Information shown Block Start
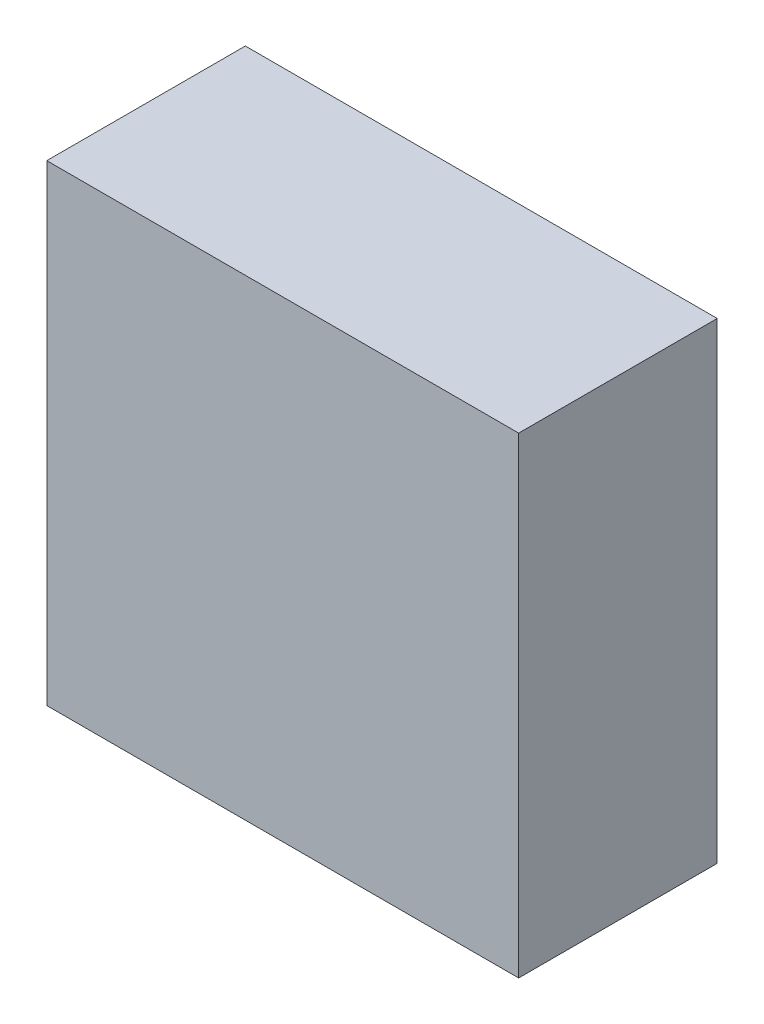
from build123d import *

# Parameters (mm, degrees)
SKETCH1_W           = 20.2
SKETCH1_H           = 20.2
BOSS_EXTRUDE1_DEPTH = 8.5


with BuildPart() as part:
    # Sketch1 → Boss-Extrude1 (new body)
    with BuildSketch(Plane.XY):
        Rectangle(SKETCH1_W, SKETCH1_H)
    extrude(amount=BOSS_EXTRUDE1_DEPTH)


solid = part.part
Information shown Block End
[Exercise directions]:
In the data above, find each line that uses the string "part". Copy it.

[Written answer]:
with BuildPart() as part:
solid = part.part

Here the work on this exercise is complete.